EXERCISE — Starting at the first line of the listing below, repeat each line up to and including the one containing "#3=PRODUCT_CONTEXT('',#1,'mechanical');". Leave out pictures.

PROVIDED DATA —
- Opening Delimiter -
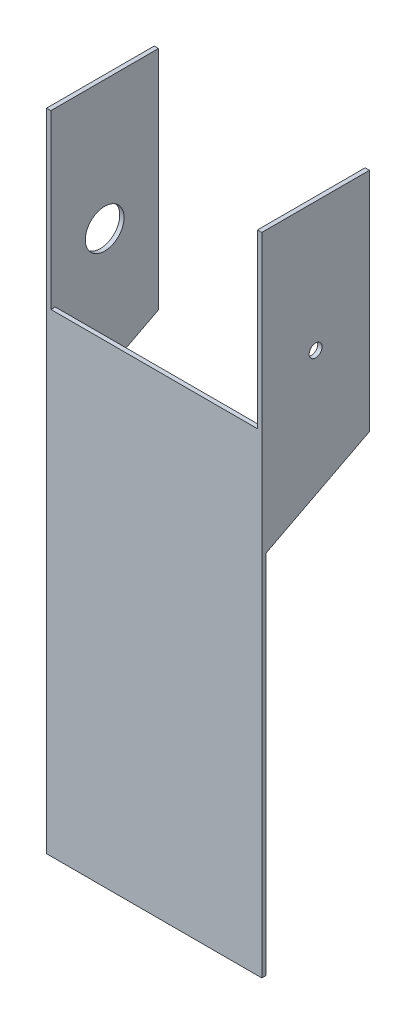
ISO-10303-21;
HEADER;
FILE_DESCRIPTION(('STEP AP214'),'2;1');
FILE_NAME('part.step','',(''),(''),'','','');
FILE_SCHEMA(('AUTOMOTIVE_DESIGN { 1 0 10303 214 1 1 1 1 }'));
ENDSEC;
DATA;
#1=APPLICATION_CONTEXT('core data for automotive mechanical design processes');
#2=APPLICATION_PROTOCOL_DEFINITION('international standard','automotive_design',2000,#1);
#3=PRODUCT_CONTEXT('',#1,'mechanical');
#4=PRODUCT('Part','Part','',(#3));
#5=PRODUCT_RELATED_PRODUCT_CATEGORY('part','',(#4));
#6=PRODUCT_DEFINITION_FORMATION('','',#4);
#7=PRODUCT_DEFINITION_CONTEXT('part definition',#1,'design');
#8=PRODUCT_DEFINITION('design','',#6,#7);
#9=PRODUCT_DEFINITION_SHAPE('','',#8);
#10=(LENGTH_UNIT() NAMED_UNIT(*) SI_UNIT(.MILLI.,.METRE.));
#11=(NAMED_UNIT(*) PLANE_ANGLE_UNIT() SI_UNIT($,.RADIAN.));
#12=(NAMED_UNIT(*) SI_UNIT($,.STERADIAN.) SOLID_ANGLE_UNIT());
#13=UNCERTAINTY_MEASURE_WITH_UNIT(LENGTH_MEASURE(1.E-05),#10,'distance_accuracy_value','');
#14=(GEOMETRIC_REPRESENTATION_CONTEXT(3) GLOBAL_UNCERTAINTY_ASSIGNED_CONTEXT((#13)) GLOBAL_UNIT_ASSIGNED_CONTEXT((#10,
#11,#12)) REPRESENTATION_CONTEXT('',''));
#15=CARTESIAN_POINT('',(0.,0.,0.));
#16=DIRECTION('',(0.,0.,1.));
#17=DIRECTION('',(1.,0.,0.));
#18=AXIS2_PLACEMENT_3D('',#15,#16,#17);
#19=CARTESIAN_POINT('',(0.,0.,0.));
#20=DIRECTION('',(0.,0.,1.));
#21=DIRECTION('',(1.,0.,0.));
#22=AXIS2_PLACEMENT_3D('',#19,#20,#21);
#23=PLANE('',#22);
#24=DIRECTION('',(0.,-1.,0.));
#25=VECTOR('',#24,1.);
#26=CARTESIAN_POINT('',(-31.8649051551098,52.5838482481757,0.));
#27=LINE('',#26,#25);
#28=CARTESIAN_POINT('',(-31.8649051551098,52.5838482481757,0.));
#29=VERTEX_POINT('',#28);
#30=CARTESIAN_POINT('',(-31.8649051551098,0.,0.));
#31=VERTEX_POINT('',#30);
#32=EDGE_CURVE('E157',#29,#31,#27,.T.);
#33=ORIENTED_EDGE('',*,*,#32,.T.);
#34=DIRECTION('',(-1.,0.,0.));
#35=VECTOR('',#34,1.);
#36=CARTESIAN_POINT('',(-31.8649051551098,0.,0.));
#37=LINE('',#36,#35);
#38=CARTESIAN_POINT('',(-32.8649051551098,0.,0.));
#39=VERTEX_POINT('',#38);
#40=EDGE_CURVE('E223',#31,#39,#37,.T.);
#41=ORIENTED_EDGE('',*,*,#40,.T.);
#42=DIRECTION('',(0.,-1.,0.));
#43=VECTOR('',#42,1.);
#44=CARTESIAN_POINT('',(-32.8649051551098,52.5838482481757,0.));
#45=LINE('',#44,#43);
#46=CARTESIAN_POINT('',(-32.8649051551098,52.5838482481757,0.));
#47=VERTEX_POINT('',#46);
#48=EDGE_CURVE('E170',#47,#39,#45,.T.);
#49=ORIENTED_EDGE('',*,*,#48,.F.);
#50=DIRECTION('',(-1.,0.,0.));
#51=VECTOR('',#50,1.);
#52=CARTESIAN_POINT('',(-32.8649051551098,52.5838482481757,0.));
#53=LINE('',#52,#51);
#54=EDGE_CURVE('E75',#29,#47,#53,.T.);
#55=ORIENTED_EDGE('',*,*,#54,.F.);
#56=EDGE_LOOP('',(#33,#41,#49,#55));
#57=FACE_BOUND('',#56,.T.);
#58=ADVANCED_FACE('F35',(#57),#23,.F.);
#59=CARTESIAN_POINT('',(-32.8649051551098,-97.4161517518243,25.));
#60=DIRECTION('',(0.,1.,0.));
#61=DIRECTION('',(0.,0.,1.));
#62=AXIS2_PLACEMENT_3D('',#59,#60,#61);
#63=PLANE('',#62);
#64=DIRECTION('',(1.,0.,0.));
#65=VECTOR('',#64,1.);
#66=CARTESIAN_POINT('',(-32.8649051551098,-97.4161517518243,24.));
#67=LINE('',#66,#65);
#68=CARTESIAN_POINT('',(-32.8649051551098,-97.4161517518243,24.));
#69=VERTEX_POINT('',#68);
#70=CARTESIAN_POINT('',(17.1350948448902,-97.4161517518243,24.));
#71=VERTEX_POINT('',#70);
#72=EDGE_CURVE('E163',#69,#71,#67,.T.);
#73=ORIENTED_EDGE('',*,*,#72,.T.);
#74=DIRECTION('',(0.,0.,-1.));
#75=VECTOR('',#74,1.);
#76=CARTESIAN_POINT('',(17.1350948448902,-97.4161517518243,25.));
#77=LINE('',#76,#75);
#78=CARTESIAN_POINT('',(17.1350948448902,-97.4161517518243,25.));
#79=VERTEX_POINT('',#78);
#80=EDGE_CURVE('E43',#79,#71,#77,.T.);
#81=ORIENTED_EDGE('',*,*,#80,.F.);
#82=DIRECTION('',(1.,0.,0.));
#83=VECTOR('',#82,1.);
#84=CARTESIAN_POINT('',(-32.8649051551098,-97.4161517518243,25.));
#85=LINE('',#84,#83);
#86=CARTESIAN_POINT('',(-32.8649051551098,-97.4161517518243,25.));
#87=VERTEX_POINT('',#86);
#88=EDGE_CURVE('E82',#87,#79,#85,.T.);
#89=ORIENTED_EDGE('',*,*,#88,.F.);
#90=DIRECTION('',(0.,0.,-1.));
#91=VECTOR('',#90,1.);
#92=CARTESIAN_POINT('',(-32.8649051551098,-97.4161517518243,25.));
#93=LINE('',#92,#91);
#94=EDGE_CURVE('E11',#87,#69,#93,.T.);
#95=ORIENTED_EDGE('',*,*,#94,.T.);
#96=EDGE_LOOP('',(#73,#81,#89,#95));
#97=FACE_BOUND('',#96,.T.);
#98=ADVANCED_FACE('F203',(#97),#63,.F.);
#99=CARTESIAN_POINT('',(-32.8649051551098,52.5838482481757,25.));
#100=DIRECTION('',(0.,-1.,0.));
#101=DIRECTION('',(0.,0.,-1.));
#102=AXIS2_PLACEMENT_3D('',#99,#100,#101);
#103=PLANE('',#102);
#104=DIRECTION('',(0.,0.,-1.));
#105=VECTOR('',#104,1.);
#106=CARTESIAN_POINT('',(-31.8649051551098,52.5838482481757,25.));
#107=LINE('',#106,#105);
#108=CARTESIAN_POINT('',(-31.8649051551098,52.5838482481757,25.));
#109=VERTEX_POINT('',#108);
#110=EDGE_CURVE('E171',#109,#29,#107,.T.);
#111=ORIENTED_EDGE('',*,*,#110,.T.);
#112=ORIENTED_EDGE('',*,*,#54,.T.);
#113=DIRECTION('',(0.,0.,-1.));
#114=VECTOR('',#113,1.);
#115=CARTESIAN_POINT('',(-32.8649051551098,52.5838482481757,25.));
#116=LINE('',#115,#114);
#117=CARTESIAN_POINT('',(-32.8649051551098,52.5838482481757,25.));
#118=VERTEX_POINT('',#117);
#119=EDGE_CURVE('E188',#118,#47,#116,.T.);
#120=ORIENTED_EDGE('',*,*,#119,.F.);
#121=DIRECTION('',(-1.,0.,0.));
#122=VECTOR('',#121,1.);
#123=CARTESIAN_POINT('',(-32.8649051551098,52.5838482481757,25.));
#124=LINE('',#123,#122);
#125=EDGE_CURVE('E59',#109,#118,#124,.T.);
#126=ORIENTED_EDGE('',*,*,#125,.F.);
#127=EDGE_LOOP('',(#111,#112,#120,#126));
#128=FACE_BOUND('',#127,.T.);
#129=ADVANCED_FACE('F255',(#128),#103,.F.);
#130=CARTESIAN_POINT('',(-32.8649051551098,52.5838482481757,25.));
#131=DIRECTION('',(1.,0.,0.));
#132=DIRECTION('',(0.,1.,0.));
#133=AXIS2_PLACEMENT_3D('',#130,#131,#132);
#134=PLANE('',#133);
#135=CARTESIAN_POINT('',(-32.8649051551098,22.5838482481757,12.5));
#136=DIRECTION('',(-1.,0.,0.));
#137=DIRECTION('',(0.,-1.,0.));
#138=AXIS2_PLACEMENT_3D('',#135,#136,#137);
#139=CIRCLE('',#138,4.5);
#140=CARTESIAN_POINT('',(-32.8649051551098,18.0838482481757,12.5));
#141=VERTEX_POINT('',#140);
#142=EDGE_CURVE('E226',#141,#141,#139,.T.);
#143=ORIENTED_EDGE('',*,*,#142,.F.);
#144=EDGE_LOOP('',(#143));
#145=FACE_BOUND('',#144,.T.);
#146=ORIENTED_EDGE('',*,*,#48,.T.);
#147=DIRECTION('',(0.,0.45949178156965,-0.888182021136405));
#148=VECTOR('',#147,1.);
#149=CARTESIAN_POINT('',(-32.8649051551098,0.,0.));
#150=LINE('',#149,#148);
#151=CARTESIAN_POINT('',(-32.8649051551098,-12.4161517518243,24.));
#152=VERTEX_POINT('',#151);
#153=EDGE_CURVE('E220',#152,#39,#150,.T.);
#154=ORIENTED_EDGE('',*,*,#153,.F.);
#155=DIRECTION('',(0.,1.,0.));
#156=VECTOR('',#155,1.);
#157=CARTESIAN_POINT('',(-32.8649051551098,-12.4161517518243,24.));
#158=LINE('',#157,#156);
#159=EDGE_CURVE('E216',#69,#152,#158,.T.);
- Closing Delimiter -
EXERCISE OUTPUT —
ISO-10303-21;
HEADER;
FILE_DESCRIPTION(('STEP AP214'),'2;1');
FILE_NAME('part.step','',(''),(''),'','','');
FILE_SCHEMA(('AUTOMOTIVE_DESIGN { 1 0 10303 214 1 1 1 1 }'));
ENDSEC;
DATA;
#1=APPLICATION_CONTEXT('core data for automotive mechanical design processes');
#2=APPLICATION_PROTOCOL_DEFINITION('international standard','automotive_design',2000,#1);
#3=PRODUCT_CONTEXT('',#1,'mechanical');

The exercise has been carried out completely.